EXERCISE DETAILS -
Although the entries contain pictures, copy only their text, exactly as written.
- Opening Delimiter -
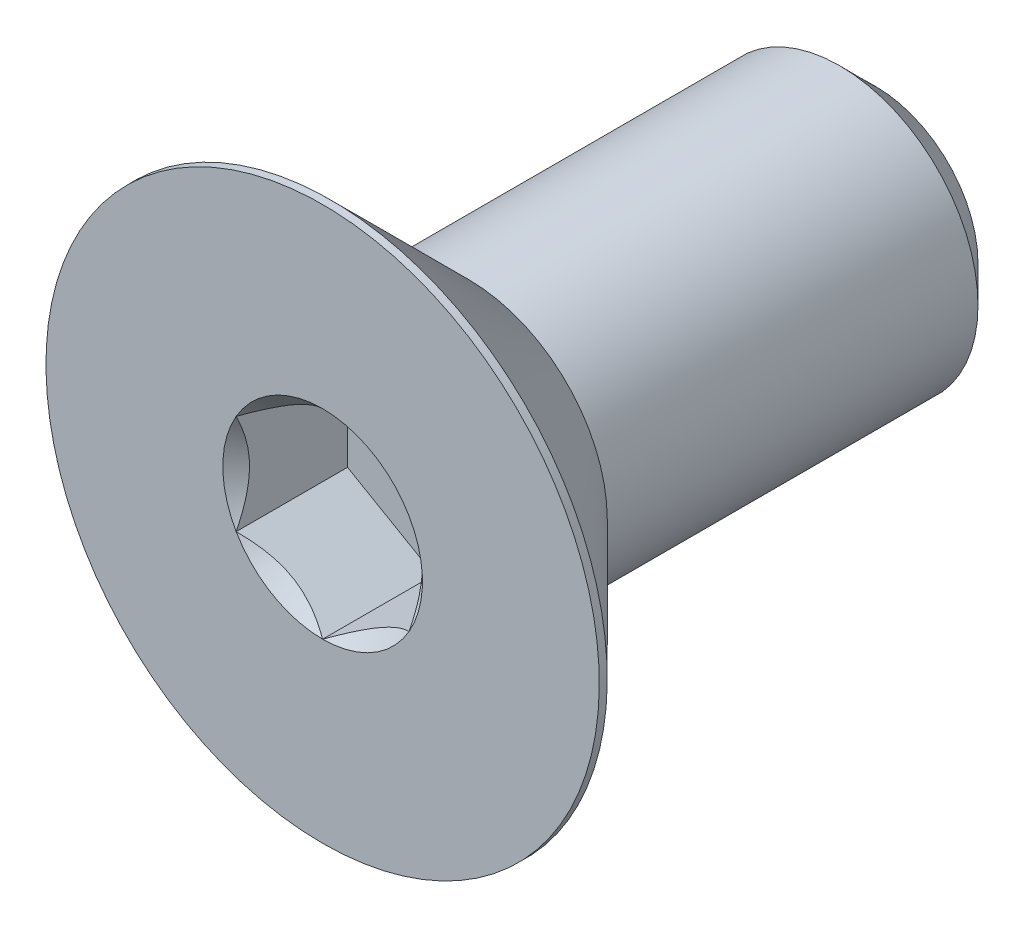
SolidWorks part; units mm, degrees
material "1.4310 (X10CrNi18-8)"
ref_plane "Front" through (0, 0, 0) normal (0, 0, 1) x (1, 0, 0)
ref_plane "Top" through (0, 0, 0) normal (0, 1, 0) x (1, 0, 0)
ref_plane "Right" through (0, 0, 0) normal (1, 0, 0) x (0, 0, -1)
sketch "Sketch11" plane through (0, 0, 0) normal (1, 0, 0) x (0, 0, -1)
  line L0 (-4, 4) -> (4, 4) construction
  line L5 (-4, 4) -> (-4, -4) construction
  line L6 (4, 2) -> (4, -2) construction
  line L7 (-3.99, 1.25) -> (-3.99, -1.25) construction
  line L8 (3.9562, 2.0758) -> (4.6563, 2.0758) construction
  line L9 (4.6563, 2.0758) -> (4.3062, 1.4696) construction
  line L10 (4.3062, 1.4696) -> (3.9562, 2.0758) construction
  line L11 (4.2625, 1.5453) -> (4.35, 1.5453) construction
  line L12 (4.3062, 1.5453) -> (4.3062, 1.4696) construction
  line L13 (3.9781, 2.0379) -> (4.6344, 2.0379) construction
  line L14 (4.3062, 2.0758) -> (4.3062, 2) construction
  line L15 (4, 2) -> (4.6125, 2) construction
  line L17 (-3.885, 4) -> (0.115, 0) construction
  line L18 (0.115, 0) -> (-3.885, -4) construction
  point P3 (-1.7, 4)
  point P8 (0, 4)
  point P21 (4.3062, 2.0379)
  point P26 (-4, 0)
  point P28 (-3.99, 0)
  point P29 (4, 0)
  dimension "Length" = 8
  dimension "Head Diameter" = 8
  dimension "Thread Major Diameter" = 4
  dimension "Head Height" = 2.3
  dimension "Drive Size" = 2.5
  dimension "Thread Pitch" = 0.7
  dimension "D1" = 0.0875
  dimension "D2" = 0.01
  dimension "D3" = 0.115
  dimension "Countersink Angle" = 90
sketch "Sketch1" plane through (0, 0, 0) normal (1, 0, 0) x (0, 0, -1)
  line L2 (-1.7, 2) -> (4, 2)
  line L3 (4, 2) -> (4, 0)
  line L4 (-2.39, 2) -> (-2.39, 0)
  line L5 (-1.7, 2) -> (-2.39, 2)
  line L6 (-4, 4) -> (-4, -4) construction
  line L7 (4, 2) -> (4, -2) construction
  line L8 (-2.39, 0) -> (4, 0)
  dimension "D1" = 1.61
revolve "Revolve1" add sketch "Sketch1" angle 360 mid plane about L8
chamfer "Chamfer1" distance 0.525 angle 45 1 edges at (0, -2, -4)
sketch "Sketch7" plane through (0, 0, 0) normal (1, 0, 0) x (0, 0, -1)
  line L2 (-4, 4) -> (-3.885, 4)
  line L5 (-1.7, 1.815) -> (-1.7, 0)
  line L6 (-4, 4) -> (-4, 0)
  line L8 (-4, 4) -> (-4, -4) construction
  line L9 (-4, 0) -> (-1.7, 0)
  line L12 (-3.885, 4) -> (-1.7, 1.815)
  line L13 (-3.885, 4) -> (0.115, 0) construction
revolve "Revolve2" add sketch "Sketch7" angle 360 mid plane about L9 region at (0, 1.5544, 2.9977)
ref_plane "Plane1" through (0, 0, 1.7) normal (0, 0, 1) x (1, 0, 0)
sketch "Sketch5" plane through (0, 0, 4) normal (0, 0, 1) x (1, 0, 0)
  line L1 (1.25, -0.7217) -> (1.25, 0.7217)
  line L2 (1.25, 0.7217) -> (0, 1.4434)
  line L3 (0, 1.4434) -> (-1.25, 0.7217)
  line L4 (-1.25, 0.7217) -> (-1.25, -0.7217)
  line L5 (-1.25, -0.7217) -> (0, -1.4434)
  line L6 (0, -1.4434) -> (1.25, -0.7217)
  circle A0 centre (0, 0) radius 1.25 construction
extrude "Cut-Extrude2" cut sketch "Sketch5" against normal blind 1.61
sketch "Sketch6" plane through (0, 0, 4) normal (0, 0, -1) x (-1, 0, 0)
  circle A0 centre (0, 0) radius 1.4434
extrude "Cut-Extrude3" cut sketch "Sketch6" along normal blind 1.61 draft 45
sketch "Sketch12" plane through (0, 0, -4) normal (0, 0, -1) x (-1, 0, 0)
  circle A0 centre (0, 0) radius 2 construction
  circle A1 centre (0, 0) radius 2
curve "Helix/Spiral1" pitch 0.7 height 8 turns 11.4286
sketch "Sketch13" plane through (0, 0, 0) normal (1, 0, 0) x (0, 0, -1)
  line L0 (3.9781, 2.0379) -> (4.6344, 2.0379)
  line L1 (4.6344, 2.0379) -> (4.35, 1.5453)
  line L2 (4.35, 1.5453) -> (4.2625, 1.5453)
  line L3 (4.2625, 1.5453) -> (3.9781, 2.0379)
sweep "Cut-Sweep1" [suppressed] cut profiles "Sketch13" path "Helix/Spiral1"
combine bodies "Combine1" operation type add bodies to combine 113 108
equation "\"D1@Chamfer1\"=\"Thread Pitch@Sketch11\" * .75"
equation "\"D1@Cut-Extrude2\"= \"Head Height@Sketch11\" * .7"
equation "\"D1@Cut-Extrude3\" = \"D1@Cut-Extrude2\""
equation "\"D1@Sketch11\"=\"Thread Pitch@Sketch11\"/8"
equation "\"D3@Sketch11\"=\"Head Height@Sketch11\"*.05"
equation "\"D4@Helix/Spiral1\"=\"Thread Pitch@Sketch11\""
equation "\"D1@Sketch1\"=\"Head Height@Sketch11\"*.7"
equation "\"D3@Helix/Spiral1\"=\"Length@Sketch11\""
- Closing Delimiter -
YOUR RESPONSE -
SolidWorks part; units mm, degrees
material "1.4310 (X10CrNi18-8)"
ref_plane "Front" through (0, 0, 0) normal (0, 0, 1) x (1, 0, 0)
ref_plane "Top" through (0, 0, 0) normal (0, 1, 0) x (1, 0, 0)
ref_plane "Right" through (0, 0, 0) normal (1, 0, 0) x (0, 0, -1)
sketch "Sketch11" plane through (0, 0, 0) normal (1, 0, 0) x (0, 0, -1)
  line L0 (-4, 4) -> (4, 4) construction
  line L5 (-4, 4) -> (-4, -4) construction
  line L6 (4, 2) -> (4, -2) construction
  line L7 (-3.99, 1.25) -> (-3.99, -1.25) construction
  line L8 (3.9562, 2.0758) -> (4.6563, 2.0758) construction
  line L9 (4.6563, 2.0758) -> (4.3062, 1.4696) construction
  line L10 (4.3062, 1.4696) -> (3.9562, 2.0758) construction
  line L11 (4.2625, 1.5453) -> (4.35, 1.5453) construction
  line L12 (4.3062, 1.5453) -> (4.3062, 1.4696) construction
  line L13 (3.9781, 2.0379) -> (4.6344, 2.0379) construction
  line L14 (4.3062, 2.0758) -> (4.3062, 2) construction
  line L15 (4, 2) -> (4.6125, 2) construction
  line L17 (-3.885, 4) -> (0.115, 0) construction
  line L18 (0.115, 0) -> (-3.885, -4) construction
  point P3 (-1.7, 4)
  point P8 (0, 4)
  point P21 (4.3062, 2.0379)
  point P26 (-4, 0)
  point P28 (-3.99, 0)
  point P29 (4, 0)
  dimension "Length" = 8
  dimension "Head Diameter" = 8
  dimension "Thread Major Diameter" = 4
  dimension "Head Height" = 2.3
  dimension "Drive Size" = 2.5
  dimension "Thread Pitch" = 0.7
  dimension "D1" = 0.0875
  dimension "D2" = 0.01
  dimension "D3" = 0.115
  dimension "Countersink Angle" = 90
sketch "Sketch1" plane through (0, 0, 0) normal (1, 0, 0) x (0, 0, -1)
  line L2 (-1.7, 2) -> (4, 2)
  line L3 (4, 2) -> (4, 0)
  line L4 (-2.39, 2) -> (-2.39, 0)
  line L5 (-1.7, 2) -> (-2.39, 2)
  line L6 (-4, 4) -> (-4, -4) construction
  line L7 (4, 2) -> (4, -2) construction
  line L8 (-2.39, 0) -> (4, 0)
  dimension "D1" = 1.61
revolve "Revolve1" add sketch "Sketch1" angle 360 mid plane about L8
chamfer "Chamfer1" distance 0.525 angle 45 1 edges at (0, -2, -4)
sketch "Sketch7" plane through (0, 0, 0) normal (1, 0, 0) x (0, 0, -1)
  line L2 (-4, 4) -> (-3.885, 4)
  line L5 (-1.7, 1.815) -> (-1.7, 0)
  line L6 (-4, 4) -> (-4, 0)
  line L8 (-4, 4) -> (-4, -4) construction
  line L9 (-4, 0) -> (-1.7, 0)
  line L12 (-3.885, 4) -> (-1.7, 1.815)
  line L13 (-3.885, 4) -> (0.115, 0) construction
revolve "Revolve2" add sketch "Sketch7" angle 360 mid plane about L9 region at (0, 1.5544, 2.9977)
ref_plane "Plane1" through (0, 0, 1.7) normal (0, 0, 1) x (1, 0, 0)
sketch "Sketch5" plane through (0, 0, 4) normal (0, 0, 1) x (1, 0, 0)
  line L1 (1.25, -0.7217) -> (1.25, 0.7217)
  line L2 (1.25, 0.7217) -> (0, 1.4434)
  line L3 (0, 1.4434) -> (-1.25, 0.7217)
  line L4 (-1.25, 0.7217) -> (-1.25, -0.7217)
  line L5 (-1.25, -0.7217) -> (0, -1.4434)
  line L6 (0, -1.4434) -> (1.25, -0.7217)
  circle A0 centre (0, 0) radius 1.25 construction
extrude "Cut-Extrude2" cut sketch "Sketch5" against normal blind 1.61
sketch "Sketch6" plane through (0, 0, 4) normal (0, 0, -1) x (-1, 0, 0)
  circle A0 centre (0, 0) radius 1.4434
extrude "Cut-Extrude3" cut sketch "Sketch6" along normal blind 1.61 draft 45
sketch "Sketch12" plane through (0, 0, -4) normal (0, 0, -1) x (-1, 0, 0)
  circle A0 centre (0, 0) radius 2 construction
  circle A1 centre (0, 0) radius 2
curve "Helix/Spiral1" pitch 0.7 height 8 turns 11.4286
sketch "Sketch13" plane through (0, 0, 0) normal (1, 0, 0) x (0, 0, -1)
  line L0 (3.9781, 2.0379) -> (4.6344, 2.0379)
  line L1 (4.6344, 2.0379) -> (4.35, 1.5453)
  line L2 (4.35, 1.5453) -> (4.2625, 1.5453)
  line L3 (4.2625, 1.5453) -> (3.9781, 2.0379)
sweep "Cut-Sweep1" [suppressed] cut profiles "Sketch13" path "Helix/Spiral1"
combine bodies "Combine1" operation type add bodies to combine 113 108
equation "\"D1@Chamfer1\"=\"Thread Pitch@Sketch11\" * .75"
equation "\"D1@Cut-Extrude2\"= \"Head Height@Sketch11\" * .7"
equation "\"D1@Cut-Extrude3\" = \"D1@Cut-Extrude2\""
equation "\"D1@Sketch11\"=\"Thread Pitch@Sketch11\"/8"
equation "\"D3@Sketch11\"=\"Head Height@Sketch11\"*.05"
equation "\"D4@Helix/Spiral1\"=\"Thread Pitch@Sketch11\""
equation "\"D1@Sketch1\"=\"Head Height@Sketch11\"*.7"
equation "\"D3@Helix/Spiral1\"=\"Length@Sketch11\""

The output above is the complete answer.